Ireland’s Health Products Regulatory Authority (HPRA) has launched the Clinical Trials Regulation-National Collaboration Project (CTR-NCP).

This project is a collaboration between the HPRA and the National Office for Research Ethics Committee (the National office) to prepare for the incoming European Union (EU) Clinical Trials Regulation (CTR). Since the implementation of this legislation will affect how sponsors submit clinical trial applications and how the HPRA/National Research Ethics Committees for the review of Clinical Trials of Investigational Medicinal Products (NREC-CT) review and approve clinical trials, this project is intended to provide all stakeholders with an opportunity to learn and prepare for the CTR to ensure a smooth transition. Consequently, the objectives of the project are stated to be:

  • To develop proves and procedures for the joint scientific and ethical assessment of CTAs and for the potential compilation of the Part I assessment report.
  • To evaluate and amend current processes and procedures so that an efficient system is in place in Ireland when the Regulation is implemented.
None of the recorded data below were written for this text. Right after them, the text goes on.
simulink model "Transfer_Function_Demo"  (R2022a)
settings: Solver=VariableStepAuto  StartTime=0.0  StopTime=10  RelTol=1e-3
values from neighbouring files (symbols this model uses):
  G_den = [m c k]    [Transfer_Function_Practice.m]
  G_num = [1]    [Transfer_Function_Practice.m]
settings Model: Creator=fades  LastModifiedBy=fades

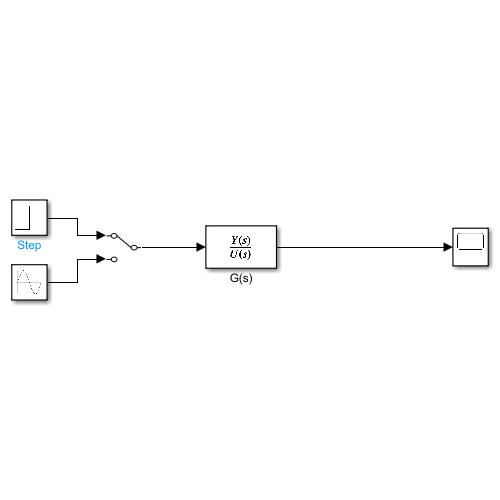
[thumbnail: Simulink's stored preview of the top-level diagram]
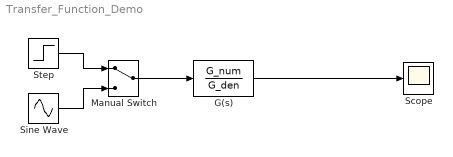
== system Transfer_Function_Demo ==
  G(s) : TransferFcn  Numerator=G_num  Denominator=G_den
  Manual Switch : ManualSwitch
  Scope : Scope
  Sine Wave : Sin  Amplitude=5  Frequency=2  SampleTime=0
  Step : Step  SampleTime=0
  wires:
  G(s)/1 -> Scope/1
  Step/1 -> Manual Switch/1
  Sine Wave/1 -> Manual Switch/2
  Manual Switch/1 -> G(s)/1

Sponsor participation in this Collaboration Project is voluntary and comes at no extra cost. The HPRA are encouraging participation so that sponsors gain a better understanding of their own processes in relation to the new procedures and timelines of the CTR. Furthermore, this Collaboration Project will only be active until the date of implementation of the CTR, and its sole purpose is to prepare all stakeholders for the impending regulation.

It is important to note that there are key differences between the CTR and this Collaboration Project. Many of these will result from the fact that the Clinical Trials Information System (CTIS), which will form an integral part of the CTR, has not yet been set up and as such is not available for use in this Collaboration Project. In addition, the project still has to abide by current legislation which will impact timelines and the preparation of certain individual documents.

An extensive guidance document has been released by the HPRA, detailing all key differences as well as providing information on the scope of and how to participate in this project.